Weight loss: How when you eat not what you eat could be key to losing weight – experts – Express

Losing weight is a difficult task at the best of times. Limiting your calorie intake, restricting the types of food you eat and trying to stay focused on your end goals can all seem impossible at times. But while weight loss in itself is difficult, experts have suggested that there could be a reason why some people are finding it more difficult than others.

Experts at the University of Aberdeen have conducted a review examining the effect eating at different times of the day can have on the body and losing weight.

Those working night shifts who are struggling to lose weight might have a valid reason as to why theyre finding it more difficult compared to a person working 9am to 5pm.

Some research suggests that humans use calories more efficiently when they are consumed in the morning rather than in the evening.

The reason for this could be humans circadian rhythm.

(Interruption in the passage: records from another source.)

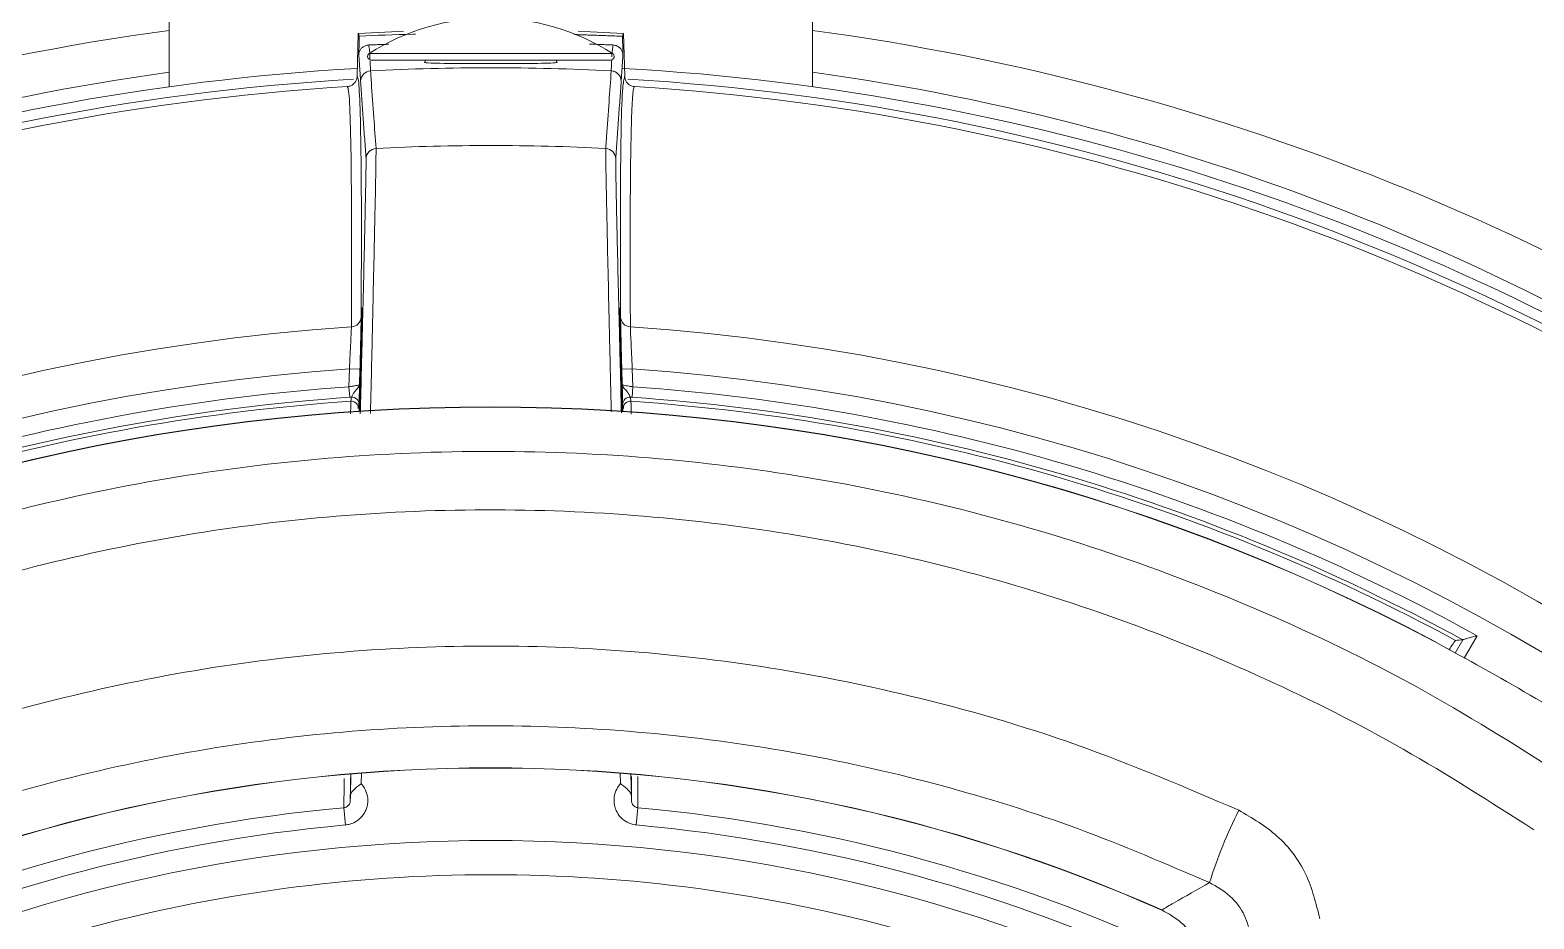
# Model space of a CAD drawing. Extents: x 16.7 to 113.1, y 4.5 to 84.5.
# Drawn here: x 106.314 to 108.464, y 38.061 to 39.331 of the extents above; entities that cross this region are included whole.
import ezdxf

# ---------------------------------------------------------------- set-up
doc = ezdxf.new("R2010")
doc.units = 0
doc.header["$MEASUREMENT"] = 0
doc.linetypes.add('SLD-SOLID', pattern=[0])
doc.layers.add('OBJECT', color=7, linetype='CONTINUOUS')

msp = doc.modelspace()

# ---------------------------------------------------------------- linework, layer by layer
at = {"layer": 'OBJECT', "linetype": 'SLD-SOLID', "lineweight": 15}
for p, q in [((106.5127, 39.25), (106.5127, 39.6013)), ((107.4327, 39.6013), (107.4327, 39.25)), ((106.783, 39.3262), (106.7814, 39.2648)), ((107.1624, 39.3262), (107.164, 39.2648)), ((107.1465, 39.2974), (106.7988, 39.2974)), ((107.1439, 39.2882), (106.8015, 39.2882)), ((106.8789, 39.2882), (106.8789, 39.2852)), ((107.0664, 39.2852), (107.0664, 39.2882)), ((106.7698, 38.8212), (106.7705, 38.8467)), ((106.7855, 38.8463), (106.7705, 38.8467)), ((106.7855, 38.8463), (106.7849, 38.824)), ((107.1749, 38.8467), (107.1599, 38.8463)), ((107.1605, 38.824), (107.1599, 38.8463)), ((107.1749, 38.8467), (107.1755, 38.8212)), ((106.7709, 38.8062), (106.7698, 38.8212)), ((107.1755, 38.8212), (107.1745, 38.8062)), ((108.3827, 38.4655), (108.3641, 38.4333)), ((108.3511, 38.4406), (108.362, 38.4597)), ((106.7877, 38.2691), (106.7874, 38.254)), ((107.158, 38.254), (107.1576, 38.269)), ((106.7719, 38.2367), (106.7727, 38.2679)), ((107.1727, 38.2678), (107.1735, 38.2367)), ((107.1735, 38.2354), (107.1735, 38.2367)), ((106.7648, 38.1949), (106.7626, 38.2197)), ((107.1806, 38.1949), (107.1828, 38.2197))]:
    msp.add_line(p, q, dxfattribs=at)
at = {"layer": 'OBJECT', "linetype": 'SLD-SOLID', "lineweight": 15, "flags": 128}
for points in [[(106.783, 39.3262), (106.8304, 39.3285), (106.8477, 39.3292)], [(107.0977, 39.3292), (107.115, 39.3285), (107.1624, 39.3262)]]:
    msp.add_lwpolyline(points, dxfattribs=at)
at = {"layer": 'OBJECT', "linetype": 'SLD-SOLID', "lineweight": 15}
for centre, radius, start, end in [((106.9727, 35.9065), 3.76, 16.2407, 79.9678), ((106.9727, 39.0253), 0.323, 57.4319, 122.5681), ((106.9727, 35.9065), 3.4547, 97.6517, 126.8916), ((106.9727, 35.9065), 3.4547, 53.1084, 82.3483), ((106.8015, 39.2932), 0.005, 122.5681, 270), ((107.1439, 39.2932), 0.005, 270, 57.4319), ((106.9727, 35.9065), 3.36, 93.3521, 125.6636), ((106.9727, 35.9465), 3.356, 97.8782, 125.6868), ((106.9727, 35.9065), 3.375, 93.2438, 123.2401), ((106.8014, 39.2577), 0.015, 92.9178, 178.4869), ((106.8014, 39.2577), 0.015, 92.9031, 178.4722), ((106.7866, 39.2581), 0.000217, 181.9021, 183.7859), ((106.9727, 35.9065), 3.3706, 87.0742, 92.9258), ((107.144, 39.2577), 0.015, 1.5131, 87.0822), ((107.144, 39.2577), 0.015, 33.3649, 87.0843), ((107.144, 39.2577), 0.015, 1.5077, 33.3604), ((107.1587, 39.2581), 0.000217, 356.2141, 358.0979), ((106.9727, 35.9065), 3.375, 56.7599, 86.8016), ((106.9727, 35.9065), 3.36, 54.3364, 86.6557), ((106.9727, 35.9465), 3.356, 54.3132, 82.1218), ((106.9727, 35.9065), 3.35, 93.5142, 125.5044), ((106.9727, 35.9065), 3.35, 54.4956, 86.4858), ((106.8092, 39.1468), 0.015, 92.8801, 178.4869), ((106.9727, 35.9065), 3.2595, 87.1121, 92.8879), ((107.1362, 39.1468), 0.015, 1.5131, 87.1199), ((106.7724, 38.9216), 0.0149, 273.5677, 358.3077), ((107.173, 38.9216), 0.0149, 181.6923, 266.4323), ((106.9727, 35.9065), 3.0068, 93.8025, 160.2009), ((106.9727, 35.9065), 3.0068, 19.7991, 86.1975), ((106.9727, 35.9065), 2.9472, 93.9337, 159.5632), ((106.9727, 35.9065), 2.9472, 20.4368, 86.0663), ((106.9727, 35.9065), 2.9217, 93.9812, 118.8549), ((106.9727, 35.9065), 2.9217, 61.1451, 86.0188), ((106.9727, 35.9065), 2.9067, 93.9812, 118.5533), ((106.9727, 35.9065), 2.901, 93.9579, 118.3816), ((106.9722, 35.907), 2.8855, 62.0886, 117.9114), ((106.9722, 35.907), 2.8851, 62.0886, 117.9114), ((106.7731, 38.7906), 0.01, 358.5079, 93.9577), ((106.7741, 38.7964), 0.01, 358.5079, 93.9306), ((107.1713, 38.7964), 0.01, 86.0694, 181.4921), ((107.1722, 38.7906), 0.01, 86.0423, 181.4921), ((106.9727, 35.9065), 2.901, 61.6184, 86.0421), ((106.9727, 35.9065), 2.9067, 61.4467, 86.0188), ((106.9722, 35.907), 2.3696, 66.1107, 113.8893), ((106.9722, 35.907), 2.3693, 66.1107, 113.8893), ((106.9727, 35.9065), 2.3227, 95.19, 115.9848), ((106.9727, 35.9065), 2.3227, 64.0255, 84.81), ((108.6219, 37.9203), 0.6508, 152.9786, 162.8135), ((106.9727, 35.9065), 2.2979, 95.19, 115.4799), ((106.9727, 35.9065), 2.2979, 64.5353, 84.81), ((106.9727, 35.9065), 2.2663, 65.0518, 114.9482), ((106.9727, 35.9065), 2.2174, 74.5854, 105.4146)]:
    msp.add_arc(centre, radius, start, end, dxfattribs=at)
for centre, major_axis, ratio, start_param, end_param in [((106.7804, 38.6117), (0.0084, 0.3225), 0.002524, 5.286347, 7.28196), ((107.165, 38.6117), (-0.0084, 0.3225), 0.002524, 5.285885, 7.280024), ((110.0433, 34.1337), (4.6065, -2.6595), 0.745432, 2.319076, 2.32127)]:
    msp.add_ellipse(centre, major_axis=major_axis, ratio=ratio, start_param=start_param, end_param=end_param, dxfattribs=at)
for points in [[(106.783, 39.3262), (106.7846, 39.3222)], [(107.1608, 39.3222), (107.0921, 39.3246)], [(107.1608, 39.3222), (107.1624, 39.3262)], [(106.7846, 39.3222), (106.7839, 39.2953)], [(106.7981, 39.3097), (106.8267, 39.3107)], [(107.1135, 39.3109), (107.1473, 39.3097)], [(107.1615, 39.2953), (107.1608, 39.3222)], [(106.7864, 39.2581), (106.7839, 39.2953)], [(106.7999, 39.287), (106.8007, 39.2726)], [(107.1615, 39.2953), (107.159, 39.2581)], [(106.7814, 39.2648), (106.7817, 39.2642)], [(106.7942, 39.1472), (106.7864, 39.2581)], [(107.159, 39.2581), (107.1512, 39.1472)], [(107.1637, 39.2628), (107.164, 39.2648)], [(106.7734, 38.8064), (106.7709, 38.8062)], [(106.7841, 38.7961), (106.7831, 38.7904)], [(107.1622, 38.7904), (107.1613, 38.7961)], [(107.1745, 38.8062), (107.172, 38.8064)], [(108.362, 38.4597), (108.362, 38.4597)], [(106.7719, 38.2625), (106.7717, 38.2298)], [(107.1737, 38.2298), (107.1735, 38.2643)], [(107.1826, 38.264), (107.1828, 38.2197)]]:
    msp.add_open_spline(points, degree=1, dxfattribs=at)
for points, knots in [([(106.865, 39.325), (106.8639, 39.325), (106.8339, 39.3246), (106.8088, 39.3234), (106.7846, 39.3222)], [0, 0, 0, 0, 0.035338, 1, 1, 1, 1]), ([(106.7839, 39.2953), (106.784, 39.2967), (106.7843, 39.2995), (106.7863, 39.3033), (106.7891, 39.3065), (106.7932, 39.309), (106.7964, 39.3095), (106.7981, 39.3097)], [0, 0, 0, 0, 0.172104, 0.3436991, 0.5271717, 0.7462575, 1, 1, 1, 1]), ([(106.7981, 39.3097), (106.7981, 39.3096), (106.7982, 39.309), (106.7987, 39.3058), (106.7993, 39.301), (106.7997, 39.2926), (106.7998, 39.2898)], [0, 0, 0, 0, 0.034441, 0.172207, 0.723274, 1, 1, 1, 1]), ([(107.1457, 39.2927), (107.1457, 39.2932), (107.1462, 39.3021), (107.1467, 39.306), (107.1473, 39.3097)], [0, 0, 0, 0, 0.0559297, 1, 1, 1, 1]), ([(107.1473, 39.3097), (107.1494, 39.3094), (107.1531, 39.3088), (107.1575, 39.3054), (107.1603, 39.3014), (107.1614, 39.2978), (107.1615, 39.2957), (107.1615, 39.2953)], [0, 0, 0, 0, 0.308561, 0.551719, 0.748639, 0.946747, 1, 1, 1, 1]), ([(106.9053, 39.2834), (106.8985, 39.2835), (106.8851, 39.2838), (106.8768, 39.2845), (106.8781, 39.285), (106.8784, 39.2852)], [0, 0, 0, 0, 0.4288048, 0.8576059, 1, 1, 1, 1]), ([(107.067, 39.2852), (107.0673, 39.285), (107.0686, 39.2845), (107.0596, 39.2838), (107.041, 39.2833), (107.0141, 39.2831), (106.9826, 39.283), (106.9501, 39.283), (106.9234, 39.2831), (106.9103, 39.2833), (106.9053, 39.2834)], [0, 0, 0, 0, 0.050575, 0.193953, 0.337211, 0.480415, 0.623619, 0.766833, 0.91005, 1, 1, 1, 1]), ([(107.1447, 39.2726), (107.1447, 39.273), (107.1448, 39.2751), (107.1451, 39.281), (107.1453, 39.2854), (107.1455, 39.2886)], [0, 0, 0, 0, 0.065499, 0.327495, 1, 1, 1, 1]), ([(106.7673, 39.2502), (106.769, 39.2504), (106.7724, 39.251), (106.7767, 39.2538), (106.7799, 39.2579), (106.7812, 39.2617), (106.7814, 39.2641), (106.7814, 39.2648)], [0, 0, 0, 0, 0.2273664, 0.4547328, 0.6820989, 0.9094643, 1, 1, 1, 1]), ([(106.7817, 39.2642), (106.782, 39.2639), (106.7834, 39.2621), (106.7853, 39.2376), (106.787, 39.1705), (106.7878, 39.0688), (106.7874, 38.9704), (106.7873, 38.9211)], [0, 0, 0, 0, 0.062862, 0.296724, 0.530754, 0.765292, 1, 1, 1, 1]), ([(106.8007, 39.2726), (106.8007, 39.2724), (106.8008, 39.2711), (106.8011, 39.2656), (106.8027, 39.2437), (106.8052, 39.208), (106.8074, 39.1765), (106.8085, 39.1618)], [0, 0, 0, 0, 0.007069, 0.035343, 0.14844, 0.600828, 1, 1, 1, 1]), ([(107.1369, 39.1618), (107.1369, 39.1621), (107.137, 39.1634), (107.1374, 39.1689), (107.139, 39.1908), (107.1415, 39.2264), (107.1437, 39.2579), (107.1447, 39.2726)], [0, 0, 0, 0, 0.007069, 0.035343, 0.14844, 0.600828, 1, 1, 1, 1]), ([(107.1581, 38.9211), (107.1579, 38.9742), (107.1576, 39.0805), (107.1586, 39.1848), (107.1605, 39.251), (107.1626, 39.259), (107.1637, 39.2628)], [0, 0, 0, 0, 0.255308, 0.510833, 0.767016, 1, 1, 1, 1]), ([(107.164, 39.2648), (107.1642, 39.2631), (107.1646, 39.2597), (107.1673, 39.2553), (107.1712, 39.252), (107.175, 39.2505), (107.1774, 39.2502), (107.178, 39.2502)], [0, 0, 0, 0, 0.2273647, 0.4547294, 0.6820944, 0.9094602, 1, 1, 1, 1]), ([(106.7733, 38.9066), (106.7733, 38.9078), (106.7733, 38.9136), (106.7734, 38.9377), (106.7736, 38.9943), (106.7735, 39.07), (106.7729, 39.1547), (106.7714, 39.2208), (106.7693, 39.248), (106.7677, 39.2497), (106.7673, 39.2502)], [0, 0, 0, 0, 0.005085, 0.025423, 0.106777, 0.26949, 0.432262, 0.675585, 0.919105, 1, 1, 1, 1]), ([(107.178, 39.2502), (107.1776, 39.2497), (107.1764, 39.2484), (107.1747, 39.2305), (107.1731, 39.1867), (107.1721, 39.118), (107.1717, 39.0273), (107.172, 38.9469), (107.1721, 38.9066)], [0, 0, 0, 0, 0.080895, 0.258852, 0.443922, 0.629078, 0.814495, 1, 1, 1, 1]), ([(106.8085, 39.1618), (106.8085, 39.1592), (106.8085, 39.154), (106.8081, 39.1242), (106.8072, 39.0786), (106.8059, 39.018), (106.8042, 38.943), (106.8025, 38.8643), (106.8011, 38.8073), (106.8006, 38.7828)], [0, 0, 0, 0, 0.1456763, 0.29558, 0.4412515, 0.5911379, 0.7369742, 0.8870164, 1, 1, 1, 1]), ([(107.1448, 38.7855), (107.1443, 38.8034), (107.1432, 38.8545), (107.1415, 38.9287), (107.1397, 39.0065), (107.1384, 39.0697), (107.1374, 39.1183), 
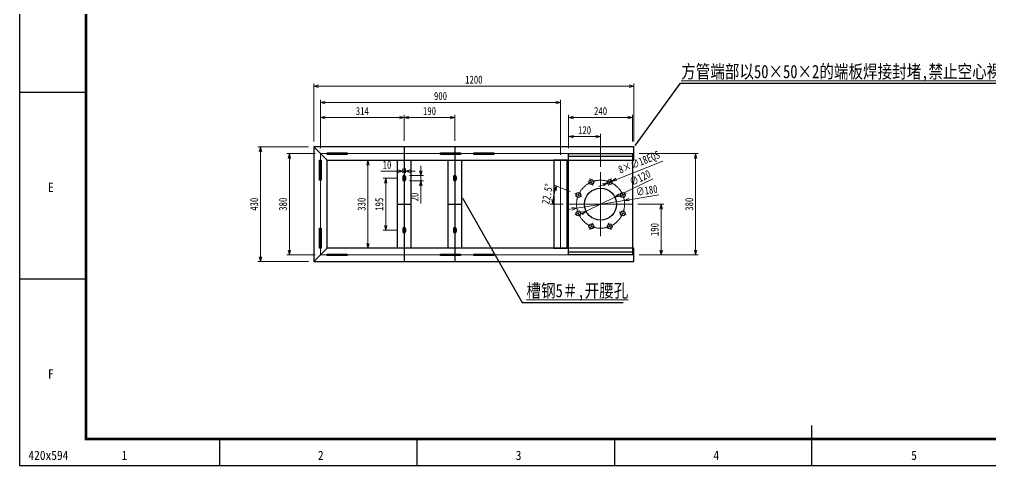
# Model space of a CAD drawing. Header units: millimetres. Extents: x 8637176 to 8643116, y -979721 to -975521.
# Drawn here: x 8637176 to 8640816, y -979721 to -978047 of the extents above; entities that cross this region are included whole.
import ezdxf
from ezdxf import colors
from ezdxf.entities.mleader import LeaderData, LeaderLine
from ezdxf.math import Vec2, Vec3

# ---------------------------------------------------------------- set-up
doc = ezdxf.new("R2010")
doc.units = ezdxf.units.MM
doc.header["$LTSCALE"] = 1000
doc.header["$PDSIZE"] = 0.1
doc.linetypes.add('CENTER', pattern=[2, 1.25, -0.25, 0.25, -0.25])
doc.linetypes.add('DASH', pattern=[0.35, 0.25, -0.1])
for name, color, linetype, lineweight in [('1_中心线', 1, 'CENTER', 9), ('5_文字线', 2, 'Continuous', 13), ('6文字层', 3, 'Continuous', 13), ('尺寸线层', 3, 'Continuous', 18)]:
    doc.layers.add(name, color=color, linetype=linetype, lineweight=lineweight)
doc.layers.add('3中心线层', color=1, linetype='CENTER')
doc.layers.add('图框', color=3, linetype='Continuous')
doc.styles.add('中英合写', font='', dxfattribs={"width": 0.8})
doc.styles.add('图框字体', font='', dxfattribs={"width": 0.8})
doc.styles.add('标题栏（黑体）', font='txt', dxfattribs={"width": 0.8})
doc.styles.get('中英合写').set_extended_font_data('SimSun')
doc.styles.get('图框字体').set_extended_font_data('SimSun')
doc.dimstyles.new('S50', dxfattribs={"dimscale": 50, "dimtxt": 3, "dimasz": 1.8, "dimexe": 1, "dimexo": 2, "dimgap": 0.9, "dimtad": 1, "dimdec": 0, "dimzin": 0, "dimdsep": 46, "dimtxsty": '中英合写', "dimblk": 'OPEN30', "dimcen": 0.09, "dimclrd": 3, "dimclre": 3, "dimclrt": 3, "dimadec": 0, "dimazin": 0, "dimtfac": 1, "dimtdec": 0, "dimtmove": 1, "dimatfit": 3, "dimldrblk": 'ARCHTICK', "dimfxl": 0, "dimtolj": 1, "dimtzin": 0, "dimlwd": -1, "dimlwe": -1, "dimarcsym": 0})

# ---------------------------------------------------------------- blocks, each defined once
blk = doc.blocks.new('_Open30')
at = {"color": 0, "linetype": 'ByBlock', "lineweight": -2}
for p, q in [((-1, 0.2679), (0, 0)), ((0, 0), (-1, -0.2679)), ((0, 0), (-1, 0))]:
    blk.add_line(p, q, dxfattribs=at)
blk = doc.blocks.new('*D20452')
at = {"layer": '6文字层', "color": 3}
for p, q in [((8638304, -978455.5), (8638304, -978405.1)), ((8638322, -978415.1), (8638599.8, -978415.1)), ((8638617.8, -978502.5), (8638617.8, -978405.1))]:
    blk.add_line(p, q, dxfattribs=at)
at = {"layer": 'Defpoints', "color": 0}
for p in [(8638617.8, -978415.1), (8638304, -978475.5), (8638617.8, -978522.5)]:
    blk.add_point(p, dxfattribs=at)
at = {"layer": '6文字层', "color": 3, "linetype": 'ByBlock', "xscale": 18, "yscale": 18, "zscale": 18, "rotation": 180}
blk.add_blockref('_Open30', (8638304, -978415.1), dxfattribs=at)
at = {"layer": '6文字层', "color": 3, "linetype": 'ByBlock', "xscale": 18, "yscale": 18, "zscale": 18}
blk.add_blockref('_Open30', (8638617.8, -978415.1), dxfattribs=at)
at = {"layer": '6文字层', "color": 3, "insert": (8638460.9, -978391.1), "char_height": 30, "attachment_point": 5, "style": '中英合写'}
blk.add_mtext('\\A1;314', dxfattribs=at)
blk = doc.blocks.new('_ArchTick')
at = {"color": 0, "linetype": 'ByBlock', "const_width": 0.4}
blk.add_lwpolyline([(-0.5, -0.5), (0.5, 0.5)], dxfattribs=at)
blk = doc.blocks.new('*D20453')
at = {"layer": '6文字层', "color": 3}
for p, q in [((8638617.8, -978502.5), (8638617.8, -978405.1)), ((8638635.8, -978415.1), (8638789.8, -978415.1)), ((8638807.8, -978502.5), (8638807.8, -978405.1))]:
    blk.add_line(p, q, dxfattribs=at)
at = {"layer": 'Defpoints', "color": 0}
for p in [(8638807.8, -978415.1), (8638617.8, -978522.5), (8638807.8, -978522.5)]:
    blk.add_point(p, dxfattribs=at)
at = {"layer": '6文字层', "color": 3, "linetype": 'ByBlock', "xscale": 18, "yscale": 18, "zscale": 18, "rotation": 180}
blk.add_blockref('_Open30', (8638617.8, -978415.1), dxfattribs=at)
at = {"layer": '6文字层', "color": 3, "linetype": 'ByBlock', "xscale": 18, "yscale": 18, "zscale": 18}
blk.add_blockref('_Open30', (8638807.8, -978415.1), dxfattribs=at)
at = {"layer": '6文字层', "color": 3, "insert": (8638712.8, -978391.1), "char_height": 30, "attachment_point": 5, "style": '中英合写'}
blk.add_mtext('\\A1;190', dxfattribs=at)
blk = doc.blocks.new('*D20455')
at = {"layer": '6文字层', "color": 3}
for p, q in [((8638592.8, -978643), (8638538.6, -978643)), ((8638548.6, -978661), (8638548.6, -978820)), ((8638592.8, -978838), (8638538.6, -978838))]:
    blk.add_line(p, q, dxfattribs=at)
at = {"layer": 'Defpoints', "color": 0}
for p in [(8638612.8, -978643), (8638548.6, -978838), (8638612.8, -978838)]:
    blk.add_point(p, dxfattribs=at)
at = {"layer": '6文字层', "color": 3, "linetype": 'ByBlock', "xscale": 18, "yscale": 18, "zscale": 18}
for p, rotation in [((8638548.6, -978643), 90), ((8638548.6, -978838), 270)]:
    blk.add_blockref('_Open30', p, dxfattribs=dict(at, rotation=rotation))
at = {"layer": '6文字层', "color": 3, "insert": (8638524.6, -978740.5), "char_height": 30, "attachment_point": 5, "rotation": 90, "style": '中英合写'}
blk.add_mtext('\\A1;195', dxfattribs=at)
blk = doc.blocks.new('*D20467')
at = {"layer": '6文字层', "color": 3}
for p, q in [((8638597.8, -978575.5), (8638472.2, -978575.5)), ((8638482.2, -978887.5), (8638482.2, -978593.5)), ((8638597.8, -978905.5), (8638472.2, -978905.5))]:
    blk.add_line(p, q, dxfattribs=at)
at = {"layer": 'Defpoints', "color": 0}
for p in [(8638482.2, -978575.5), (8638617.8, -978575.5), (8638617.8, -978905.5)]:
    blk.add_point(p, dxfattribs=at)
at = {"layer": '6文字层', "color": 3, "linetype": 'ByBlock', "xscale": 18, "yscale": 18, "zscale": 18}
for p, rotation in [((8638482.2, -978575.5), 90), ((8638482.2, -978905.5), 270)]:
    blk.add_blockref('_Open30', p, dxfattribs=dict(at, rotation=rotation))
at = {"layer": '6文字层', "color": 3, "insert": (8638458.2, -978740.5), "char_height": 30, "attachment_point": 5, "rotation": 90, "style": '中英合写'}
blk.add_mtext('\\A1;330', dxfattribs=at)
blk = doc.blocks.new('*D20469')
at = {"layer": 'Defpoints', "color": 0}
for p in [(8639407.9, -978714.2), (8639300.1, -978766.9)]:
    blk.add_point(p, dxfattribs=at)
at = {"layer": '尺寸线层', "color": 3}
for p, q in [((8639424.1, -978706.3), (8639550.2, -978644.7)), ((8639300.1, -978766.9), (8639407.9, -978714.2)), ((8639283.9, -978774.8), (8639267.8, -978782.7))]:
    blk.add_line(p, q, dxfattribs=at)
at = {"layer": '尺寸线层', "color": 3, "linetype": 'ByBlock', "xscale": 18, "yscale": 18, "zscale": 18}
for p, rotation in [((8639407.9, -978714.2), 206.0336914400321), ((8639300.1, -978766.9), 26.0336914400321)]:
    blk.add_blockref('_Open30', p, dxfattribs=dict(at, rotation=rotation))
at = {"layer": '尺寸线层', "color": 3, "insert": (8639502, -978641.5), "char_height": 30, "attachment_point": 5, "rotation": 26.0337, "style": '中英合写'}
blk.add_mtext('\\A1;∅120', dxfattribs=at)
blk = doc.blocks.new('*D20470')
at = {"layer": 'Defpoints', "color": 0}
for p in [(8639442.9, -978726.4), (8639265.1, -978754.7)]:
    blk.add_point(p, dxfattribs=at)
at = {"layer": '尺寸线层', "color": 3}
for p, q in [((8639265.1, -978754.7), (8639442.9, -978726.4)), ((8639460.7, -978723.6), (8639572.1, -978705.9)), ((8639247.4, -978757.5), (8639229.6, -978760.3))]:
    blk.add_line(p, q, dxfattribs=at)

READ MORE:Michael Mosley diet: Doctor explains 'Way of Life' weight loss plan

A circadian rhythm is the internal process that regulates a humans sleep-wake cycle which repeats around every 24 hours.

Writing in The Conversation, personal chair in nutrition Alex Johnstone and honorary research fellow Leonie Ruddick-Collins explained that the circadian rhythm makes people feel tired at night, alert in the day and regulates when people digest, metabolise their food.

It can also secrete certain hormones based on what people eat, physical activity and the time of day.

They added: "Based on these studies, it was clear that our bodies do indeed prefer us to eat during daylight hours in sync with our natural circadian rhythm.

Most of the studies showed that intentional circadian rhythm disruption and night eating both caused changes to many important hormones that regulate appetite, energy expenditure and glucose regulation (resulting in changes in the levels of circulating insulin, leptin, cortisol and other appetite hormones in the blood).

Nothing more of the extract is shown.